Should I Take a Salary from My Business?
If your business can support it, you should pay yourself enough to live on but be realistic about what you need. Subtract the cost of your business’s expenses from your gross revenue to find your net income. Subtract the amount of taxes you need to set aside and pull your pay from this figure. Calculating your net income first will ensure your business can cover its expenses.
If your business is debt-free, pay yourself a salary based on what your skillset is worth. You should aim to build 3 to 6 months of operating capital from your profit. If you have business debt, stick to a living wage for your W-2. Set aside 15–20% of even the smallest monthly profits for retained earnings to pay off debt. You should always budget for future expenses.

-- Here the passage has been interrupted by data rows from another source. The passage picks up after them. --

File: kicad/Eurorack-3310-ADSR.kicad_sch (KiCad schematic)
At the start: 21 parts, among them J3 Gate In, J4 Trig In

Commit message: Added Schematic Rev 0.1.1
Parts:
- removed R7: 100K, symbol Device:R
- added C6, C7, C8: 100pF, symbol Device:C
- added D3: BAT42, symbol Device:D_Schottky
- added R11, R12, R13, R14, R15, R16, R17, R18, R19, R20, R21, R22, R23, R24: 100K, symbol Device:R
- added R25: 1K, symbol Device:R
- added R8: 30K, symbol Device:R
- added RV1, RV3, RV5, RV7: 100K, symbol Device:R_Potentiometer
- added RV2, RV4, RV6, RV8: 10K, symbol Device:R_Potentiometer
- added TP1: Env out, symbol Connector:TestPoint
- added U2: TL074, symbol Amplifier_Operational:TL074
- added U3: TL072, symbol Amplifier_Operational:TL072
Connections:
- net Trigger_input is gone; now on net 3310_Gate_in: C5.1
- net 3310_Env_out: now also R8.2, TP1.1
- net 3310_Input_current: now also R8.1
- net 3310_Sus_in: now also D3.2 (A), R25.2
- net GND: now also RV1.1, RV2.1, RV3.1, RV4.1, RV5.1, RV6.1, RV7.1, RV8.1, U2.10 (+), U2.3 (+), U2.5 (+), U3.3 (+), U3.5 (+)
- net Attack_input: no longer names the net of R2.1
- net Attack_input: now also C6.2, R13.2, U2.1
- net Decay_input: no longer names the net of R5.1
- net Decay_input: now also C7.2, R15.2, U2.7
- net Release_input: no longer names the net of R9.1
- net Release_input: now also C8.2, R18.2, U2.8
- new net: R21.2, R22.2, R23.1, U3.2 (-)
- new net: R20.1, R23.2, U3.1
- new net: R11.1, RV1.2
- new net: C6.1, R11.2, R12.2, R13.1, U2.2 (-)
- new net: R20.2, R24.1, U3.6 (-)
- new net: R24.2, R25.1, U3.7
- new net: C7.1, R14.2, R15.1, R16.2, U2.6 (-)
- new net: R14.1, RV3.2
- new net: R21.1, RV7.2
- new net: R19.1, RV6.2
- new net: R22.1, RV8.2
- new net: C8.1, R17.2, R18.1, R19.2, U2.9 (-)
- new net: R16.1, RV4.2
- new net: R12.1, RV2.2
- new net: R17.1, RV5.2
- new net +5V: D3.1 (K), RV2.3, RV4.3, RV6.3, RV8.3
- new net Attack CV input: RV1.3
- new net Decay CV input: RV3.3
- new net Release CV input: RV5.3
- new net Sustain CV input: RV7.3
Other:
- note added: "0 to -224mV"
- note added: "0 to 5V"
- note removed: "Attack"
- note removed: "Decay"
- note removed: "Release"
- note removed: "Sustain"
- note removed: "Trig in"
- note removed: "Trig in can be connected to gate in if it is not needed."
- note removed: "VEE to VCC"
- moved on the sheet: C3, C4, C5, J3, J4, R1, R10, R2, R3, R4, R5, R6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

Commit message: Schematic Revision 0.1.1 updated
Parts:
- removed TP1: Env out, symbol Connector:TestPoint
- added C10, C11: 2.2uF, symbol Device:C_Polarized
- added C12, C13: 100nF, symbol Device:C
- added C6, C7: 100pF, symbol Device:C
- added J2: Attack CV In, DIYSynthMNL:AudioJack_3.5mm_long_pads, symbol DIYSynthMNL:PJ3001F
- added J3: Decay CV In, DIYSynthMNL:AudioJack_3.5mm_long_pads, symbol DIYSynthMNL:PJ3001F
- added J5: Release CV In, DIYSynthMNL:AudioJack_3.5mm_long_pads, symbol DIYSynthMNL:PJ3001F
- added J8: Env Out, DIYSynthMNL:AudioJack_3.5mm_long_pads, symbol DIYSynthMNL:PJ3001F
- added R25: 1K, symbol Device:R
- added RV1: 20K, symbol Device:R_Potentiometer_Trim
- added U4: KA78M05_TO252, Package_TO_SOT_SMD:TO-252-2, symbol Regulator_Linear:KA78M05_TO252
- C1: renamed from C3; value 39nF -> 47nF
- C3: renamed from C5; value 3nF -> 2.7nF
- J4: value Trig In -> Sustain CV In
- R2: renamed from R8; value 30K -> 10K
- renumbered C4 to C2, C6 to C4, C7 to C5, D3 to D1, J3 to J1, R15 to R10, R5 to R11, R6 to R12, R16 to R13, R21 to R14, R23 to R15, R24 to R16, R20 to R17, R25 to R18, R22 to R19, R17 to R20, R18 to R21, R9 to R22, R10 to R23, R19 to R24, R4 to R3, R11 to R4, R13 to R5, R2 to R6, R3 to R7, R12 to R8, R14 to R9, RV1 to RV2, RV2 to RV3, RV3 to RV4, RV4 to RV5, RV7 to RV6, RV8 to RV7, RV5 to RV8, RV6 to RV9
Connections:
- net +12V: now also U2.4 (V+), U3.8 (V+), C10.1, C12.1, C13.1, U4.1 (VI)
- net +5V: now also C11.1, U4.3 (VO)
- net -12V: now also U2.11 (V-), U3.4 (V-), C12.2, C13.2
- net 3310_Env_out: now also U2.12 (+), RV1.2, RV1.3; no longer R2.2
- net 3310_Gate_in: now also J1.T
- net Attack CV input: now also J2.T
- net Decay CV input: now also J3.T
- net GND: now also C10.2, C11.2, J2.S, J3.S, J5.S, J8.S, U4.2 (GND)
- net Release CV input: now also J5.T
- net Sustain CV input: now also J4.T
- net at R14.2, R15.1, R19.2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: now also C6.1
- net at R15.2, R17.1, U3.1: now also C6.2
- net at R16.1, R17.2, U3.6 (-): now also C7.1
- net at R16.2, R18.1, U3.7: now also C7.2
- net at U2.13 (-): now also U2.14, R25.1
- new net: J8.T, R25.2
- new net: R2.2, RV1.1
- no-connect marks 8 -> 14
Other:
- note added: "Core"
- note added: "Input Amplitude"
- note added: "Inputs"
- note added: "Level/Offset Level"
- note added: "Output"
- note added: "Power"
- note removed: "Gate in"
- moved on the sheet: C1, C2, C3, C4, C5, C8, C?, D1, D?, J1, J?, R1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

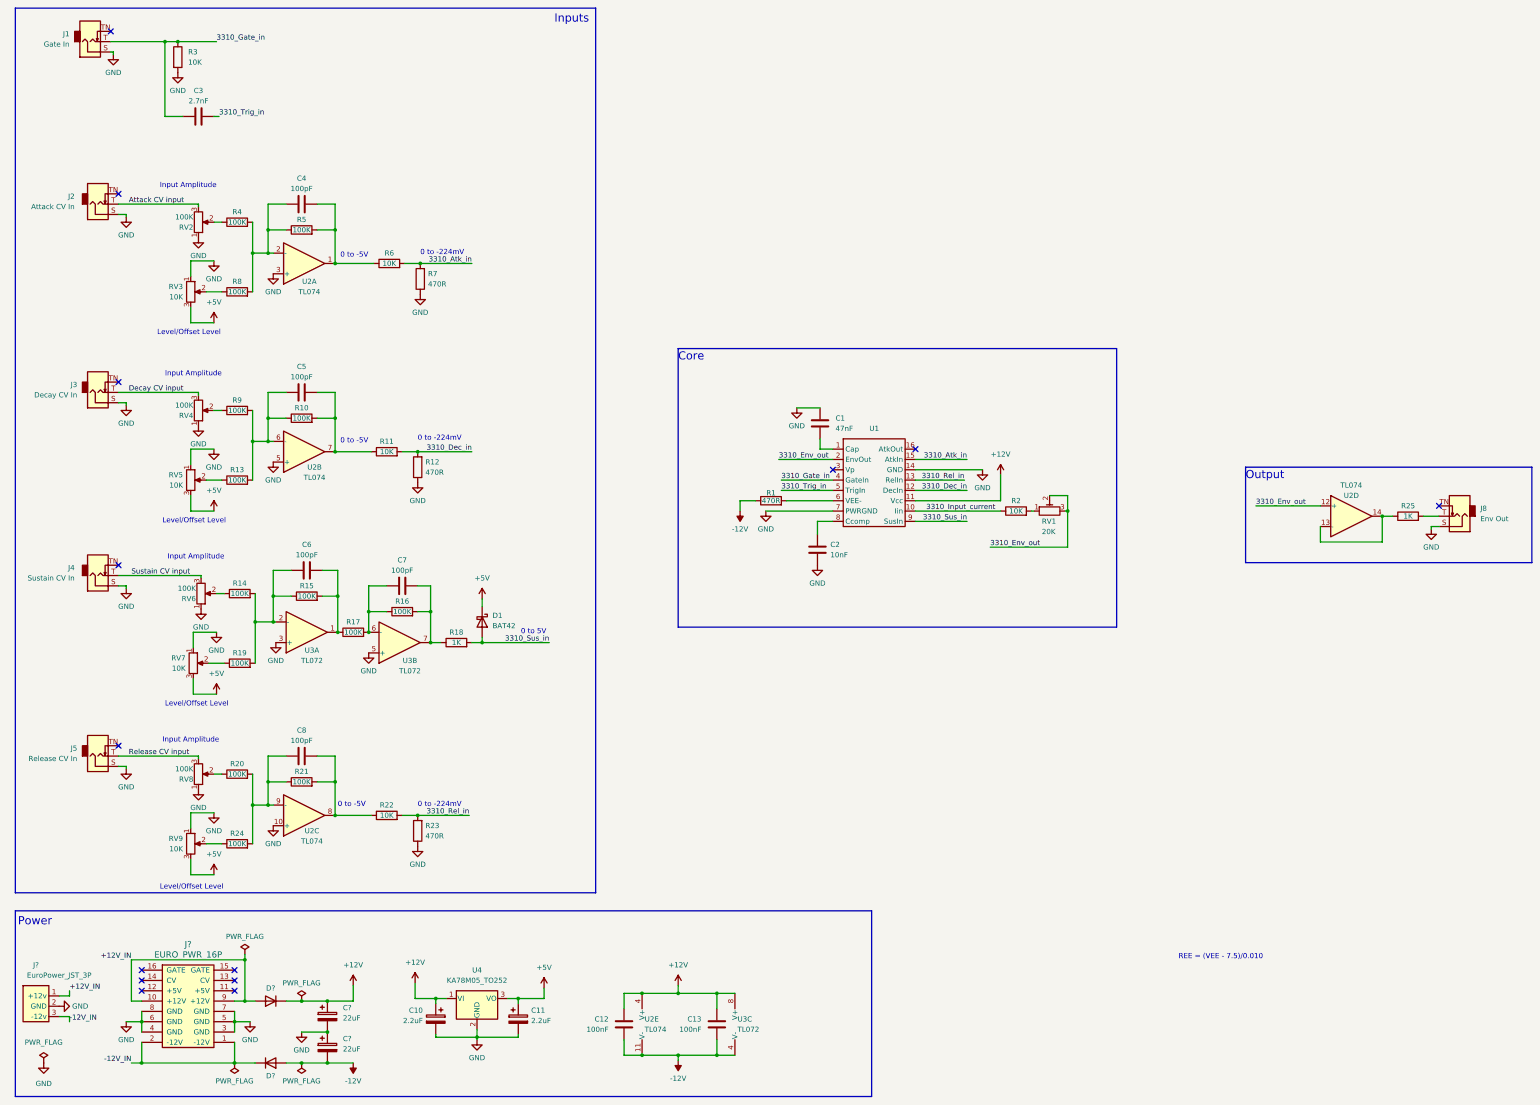
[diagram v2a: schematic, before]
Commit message: Added schematic rev 0.1.2
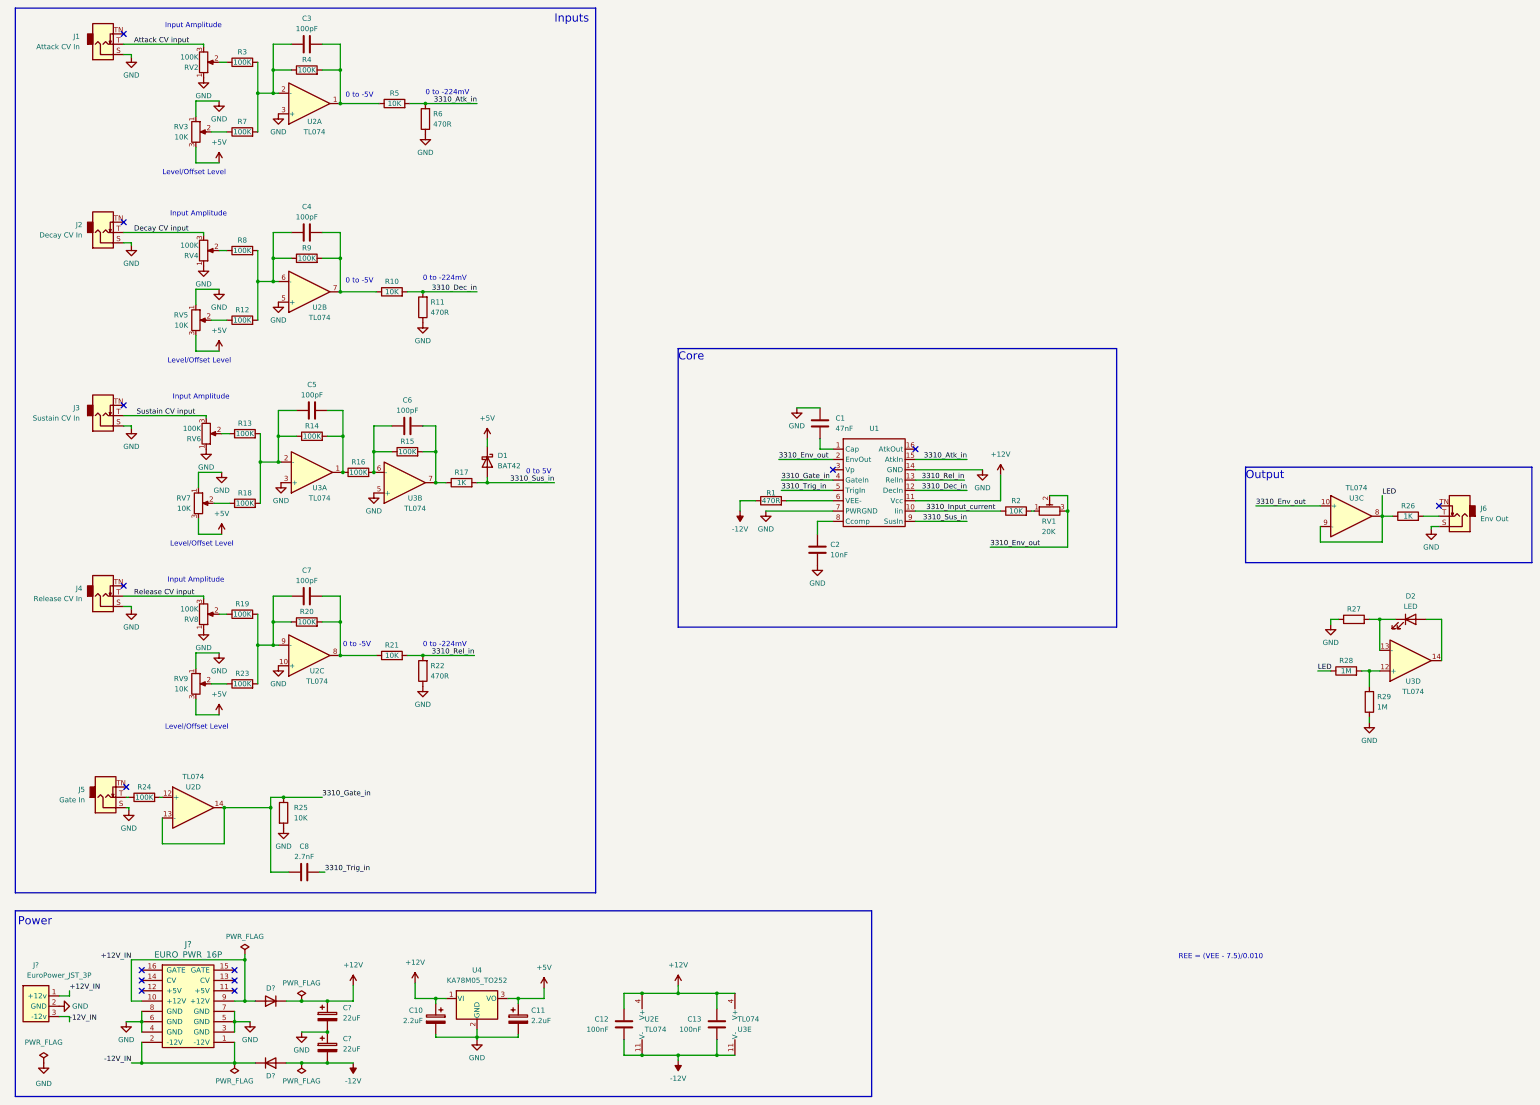
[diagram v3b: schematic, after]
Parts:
- removed U3: TL072, symbol Amplifier_Operational:TL072
- added D2: LED, symbol Device:LED
- added R24: 100K, symbol Device:R
- added R27: ~, symbol Device:R
- added R28, R29: 1M, symbol Device:R
- added U3: TL074, symbol Amplifier_Operational:TL074
- renumbered C4 to C3, C5 to C4, C6 to C5, C7 to C6, C8 to C7, C3 to C8, J2 to J1, J3 to J2, J4 to J3, J5 to J4, J1 to J5, J8 to J6, R11 to R10, R12 to R11, R13 to R12, R14 to R13, R15 to R14, R16 to R15, R17 to R16, R18 to R17, R19 to R18, R20 to R19, R21 to R20, R22 to R21, R23 to R22, R24 to R23, R3 to R25, R25 to R26, R4 to R3, R5 to R4, R6 to R5, R7 to R6, R8 to R7, R9 to R8, R10 to R9
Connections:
- net +12V: now also U3.4 (V+)
- net -12V: now also U3.11 (V-)
- net 3310_Env_out: now also U3.10 (+); no longer U2.12 (+)
- net 3310_Gate_in: now also U2.13 (-), U2.14; no longer J5.T
- net GND: now also R27.1, R29.1, U3.3 (+), U3.5 (+)
- net at C5.1, R13.2, R14.1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: now also U3.2 (-)
- net at C5.2, R14.2, R16.1: now also U3.1
- net at C6.1, R15.1, R16.2: now also U3.6 (-)
- net at C6.2, R15.2, R17.1: now also U3.7
- new net: D2.1 (K), R27.2, U3.13 (-)
- new net: J5.T, R24.1
- new net: R24.2, U2.12 (+)
- new net: R28.2, R29.2, U3.12 (+)
- new net: D2.2 (A), U3.14
- new net LED: R26.1, R28.1, U3.8, U3.9 (-)
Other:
- moved on the sheet: C3, C4, C5, C6, C7, C8, D1, J1, J2, J3, J4, J5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

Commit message: Add schematic rev 0.1.4
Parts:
- added R30: 10K, symbol Device:R
- R2: value 10K -> 16K
- R27: value ~ -> 1K
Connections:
- net GND: now also R30.1
- net at J5.TN: now also R30.2
- no-connect marks 14 -> 13
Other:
- note added: "Rev 0.1.3 Changed R2 to from 10K to 16K. Add value to R27 (1K). Add R30 to prevent input from floating."
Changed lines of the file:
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@@
     (title "Eurorack AS3310 ADSR")
     (date "2024-02-13")
-    (rev "0.1.2")
+    (rev "0.1.3")
     (company "DIYSynthMNL")
     (comment 1 "This version is a prototype")
@@
   (no_connect (at 215.265 128.905))
   (no_connect (at 364.49 137.795))
-  (no_connect (at 41.275 207.01))
   (no_connect (at 45.085 257.175))
   (no_connect (at 40.64 113.03))
@@
     (stroke (width 0) (type default))
   )
+  (wire (pts (xy 41.275 194.31) (xy 49.53 194.31))
+    (stroke (width 0) (type default))
+  )
   (wire (pts (xy 74.295 120.015) (xy 74.295 127))
     (stroke (width 0) (type default))
@@
     (stroke (width 0) (type default))
   )
+  (wire (pts (xy 49.53 194.31) (xy 49.53 196.215))
+    (stroke (width 0) (type default))
+  )
   (wire (pts (xy 73.66 82.55) (xy 73.66 92.075))
     (stroke (width 0) (type default))
   )
+  (wire (pts (xy 41.275 201.93) (xy 41.275 207.01))
+    (stroke (width 0) (type default))
+  )
   (wire (pts (xy 45.085 264.795) (xy 45.085 267.335))
     (stroke (width 0) (type default))
@@
   )
   (text "0 to -224mV" (at 114.3 172.72 0)
+    (effects (font (size 1.27 1.27)) (justify left bottom))
+  )
+  (text "Rev 0.1.3\nChanged R2 to from 10K to 16K.\nAdd value to R27 (1K).\nAdd R30 to prevent input from floating."
+    (at 340.36 249.555 0)
     (effects (font (size 1.27 1.27)) (justify left bottom))
   )
@@
     )
   )
+  (symbol (lib_id "Device:R") (at 41.275 198.12 0) (unit 1)
+    (in_bom yes) (on_board yes) (dnp no)
+    (property "Reference" "R30" (at 36.195 194.945 0)
+      (effects (font (size 1.27 1.27)) (justify left))
+    )
+    (property "Value" "10K" (at 41.275 200.025 90)
+      (effects (font (size 1.27 1.27)) (justify left))
+    )
+    (property "Footprint" "" (at 39.497 198.12 90)
+      (effects (font (size 1.27 1.27)) hide)
+    )
+    (property "Datasheet" "~" (at 41.275 198.12 0)
+      (effects (font (size 1.27 1.27)) hide)
+    )
+    (pin "2")
+    (pin "1")
+    (instances
+      (project "Eurorack-3310-ADSR"
+        (path "/4d8fa7b9-eea2-4c56-998f-1965b20bb5fa"
+          (reference "R30") (unit 1)
+        )
+      )
+    )
+  )
   (symbol (lib_id "Device:R") (at 69.85 28.575 90) (unit 1)
     (in_bom yes) (on_board yes) (dnp no)
@@
       (effects (font (size 1.27 1.27)))
     )
-    (property "Value" "~" (at 343.535 165.735 90)
+    (property "Value" "1K" (at 343.535 165.735 90)
       (effects (font (size 1.27 1.27)))
     )
@@
       (effects (font (size 1.27 1.27)))
     )
-    (property "Value" "10K" (at 260.35 139.065 90)
+    (property "Value" "16K" (at 260.35 139.065 90)
       (effects (font (size 1.27 1.27)))
     )
@@
         )
       )
+    )
+  )
+  (symbol (lib_id "power:GND") (at 49.53 196.215 0) (unit 1)
+    (in_bom yes) (on_board yes) (dnp no) (fields_autoplaced)
+    (property "Reference" "#PWR049" (at 49.53 202.565 0)
+      (effects (font (size 1.27 1.27)) hide)
+    )
+    (property "Value" "GND" (at 49.53 200.66 0)
+      (effects (font (size 1.27 1.27)))
+    )
+    (property "Footprint" "" (at 49.53 196.215 0)
+      (effects (font (size 1.27 1.27)) hide)
+    )
+    (property "Datasheet" "" (at 49.53 196.215 0)
+      (effects (font (size 1.27 1.27)) hide)
+    )
+    (pin "1")
+    (instances
+      (project "Eurorack-3310-ADSR"
+        (path "/4d8fa7b9-eea2-4c56-998f-1965b20bb5fa"
+          (reference "#PWR049") (unit 1)
+        )
+      )

The majority of small business owners pay themselves by taking a salary or through an owner’s draw. A salary is when you pay yourself, just as you would your employees, through payroll. If profit is unpredictable, pay yourself through periodic draws. Salaries are subject to federal income tax, Social Security, and Medicare taxes.
Through an owner’s draw, you withdraw money from the company’s checking account as needed without withholding employment taxes. An owner’s draw is not subject to payroll taxes, but you will pay self-employment taxes on your share of the business profits through your personal tax return. The type of business you set up can impact your salary as an owner as well as your small business’s tax obligations.
Talk with an accountant to find the tax specifications required for your business and to avoid any tax penalties. You are the financial steward of your business. Many small business owners do not take a salary in the start-up years as they get established. Taking too much could limit growth or even possibly bankrupt your business. Once your budget, business debt, and reinvestments are factored in, you’re not cheating your business to receive a deserving salary.